WHAT TO PRODUCE -
Pull out all lines from the listing below in which the word "BendReliefDepth" appears.

MATERIAL FOR THIS TASK -
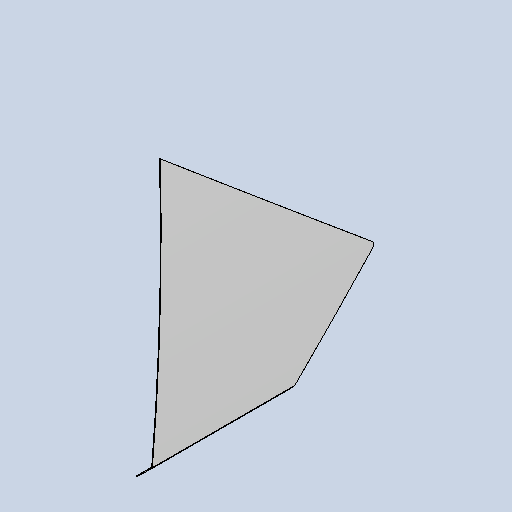
# Autodesk Inventor part: MSC 304 sheet right board face
Saved by Autodesk Inventor 2025 (Build 290162010, 162A)
## iProperties
Created: 2024-04-18
Part Number: MSC 304 sheet right board face
Material: AISI304
Document SubType Name: Sheet Metal
Designer: admin
Stock Number: МОО 304 лист правый борт морда
Mass: 48027.3 g
Surface Area: 40202.8 cm^2
Volume: 6003.41 cm^3
Density: 8 g/cm^3
Sheet Metal Rule: Default_mm
Sheet Metal Width: 980,000 mm
Sheet Metal Length: 1340,712 mm
Sheet Metal Area: 1313897,739 mm^2
Appearance: Default
Flat Pattern Width: 98 cm
Flat Pattern Length: 134.071 cm
Flat Pattern Area: 13139 cm^2
Author: admin
Autodesk Inventor part; units mm, degrees
ref_plane "YZ Plane" through (0, 0, 0) normal (1, 0, 0) x (0, 1, 0)
ref_plane "XZ Plane" through (0, 0, 0) normal (0, 1, 0) x (-1, 0, 0)
ref_plane "XY Plane" through (0, 0, 0) normal (0, 0, 1) x (1, 0, 0)
sketch "Sketch1" plane through (0, 0, 0) normal (0, 0, 1) x (1, 0, 0)
  line L0 (8972.064376, -2416.982713) -> (8972.064376, -2466.982713) construction
  line L1 (0, 47) -> (0, 0) construction
  arc A0 (0.159434, 1.869277) -> (0, 1880) centre (-11009.945504, 940) ccw
  arc A1 (0, 0) -> (0.159434, 1.869277) centre (-11009.945504, 940) ccw construction
  arc A2 (-1.349222, -1.302929) -> (0.159434, 1.869277) centre (-4.822514, 2.29377) ccw
  line L2 (-1.349222, -1.302929) -> (0, 0) construction
  line L3 (-71.93398, -69.465837) -> (-1.349222, -1.302929)
  line L4 (-66.367609, -75.229983) -> (-71.93398, -69.465837) construction
  line L5 (0, 0) -> (0, 1880) construction
  line L6 (0, 0) -> (1.875639, 0) construction
  dimension "d154" = 5
  dimension "d155" = 100
  dimension "d156" = 11050
  dimension "d157" = 136
  dimension "d158" = 1880
  measures "d154" radius of A2
  measures "d155" distance of L1.end L3.start
  measures "d156" radius of A0
  measures "d157" angle of L2 L6
  measures "d158" distance of L1.end L5.end
contour flange "Contour Flange2" sketch "Sketch1" thickness 3 bend radius 3 width 980 along (0, 0, 1) mid plane no both sides no wall seen from (-36.641601, -35.384383, 0) lies toward (0.6946584, -0.7193398, 0) curves L3 A2 A0
bend "Bend2"
corner "Corner2"
sketch "Sketch5" plane through (0, 0, 0) normal (1, 0, 0) x (0, 1, 0)
  line L0 (1.614581, 980) -> (1.614581, 0)
  line L1 (1.614581, 0) -> (1880.255204, 0)
  line L2 (1880.255204, 0) -> (1880.255204, 980)
  line L3 (1.614581, 980) -> (1880.255204, 980)
  line L4 (1.614581, 980) -> (1.614581, 0)
  line L5 (-3.460948, 980) -> (1.614581, 980)
  line L6 (-3.460948, 980) -> (-3.460948, 0)
  line L7 (-3.460948, 0) -> (1.614581, 0)
  line L8 (-3.460948, 980) -> (-3.460948, 0)
  line L9 (-71.623856, 980) -> (-3.460948, 980)
  line L10 (-71.623856, 0) -> (-71.623856, 980)
  line L11 (-71.623856, 0) -> (-3.460948, 0)
  line L12 (1238.605204, 0) -> (416.287565, 980)
  line L13 (395.093292, 980) -> (-71.623856, 588.377813)
  line L14 (395.093292, 0) -> (-71.623856, 391.622187)
  line L15 (416.287565, 0) -> (1238.605204, 980)
  point P0 (0, 0)
  dimension "d161" = 40
  dimension "d162" = 40
  dimension "d163" = 641.65
  dimension "d164" = 641.65
  dimension "d166" = 300
  dimension "d167" = 300
  constraints: 8 end point, 8 point on line, 2 perpendicular
  measures "d161" angle of L2 L15
  measures "d162" angle of L2 L12
  measures "d163" distance of L1.end L12.start
  measures "d164" distance of L2.end L15.end
  measures "d166" distance from line of L9.start L13
  measures "d167" distance from line of L10.start L14
extrude "Extrusion3" cut sketch "Sketch5" along normal through all both and the other way through all contours L14 L1 L0 | L0 L7 L6 L14 | L6 L11 L10 L14 | L3 L2 L1 L12 L15 | L12 L1 L15
sketch "Sketch8" plane through (-1.349222, -1.302929, 980) normal (-0.6946584, 0.7193398, 0) x (0.7193398, 0.6946584, 0)
  line L0 (-61.206441, 25.740843) -> (-79.440024, 25.740843) construction
  line L1 (-79.440024, 25.740843) -> (-79.440024, 162.747026) construction
  line L2 (-79.440024, 162.747026) -> (-61.206441, 162.747026) construction
  line L3 (-61.206441, 162.747026) -> (-61.206441, 25.740843) construction
  point P0 (1.875639, 980)
  constraints: 2 other
mark "Mark5"
equation "\"d36\" = Thickness"
equation "\"d37\" = BendReliefWidth"
equation "\"d38\" = BendReliefDepth"
equation "\"d39\" = MinimumRemnant"
equation "\"d40\" = TransitionRadius"
equation "\"d42\" = BendRadius"
equation "\"d44\" = CornerReliefSize"
equation "\"d45\" = GapSize"
equation "\"d46\" = JacobiRadiusSize"
equation "\"BendRadius\" = Thickness"
equation "\"BendReliefWidth\" = Thickness"
equation "\"BendReliefDepth\" = 0.5 * Thickness"
equation "\"CornerReliefSize\" = 4 * Thickness"
equation "\"MinimumRemnant\" = 2 * Thickness"
equation "\"TransitionRadius\" = BendRadius"
equation "\"JacobiRadiusSize\" = BendRadius"
equation "\"GapSize\" = Thickness"
equation "\"Thickness\" = 3"
body "Solid3"

SOLUTION FOR THIS TASK -
equation "\"d38\" = BendReliefDepth"
equation "\"BendReliefDepth\" = 0.5 * Thickness"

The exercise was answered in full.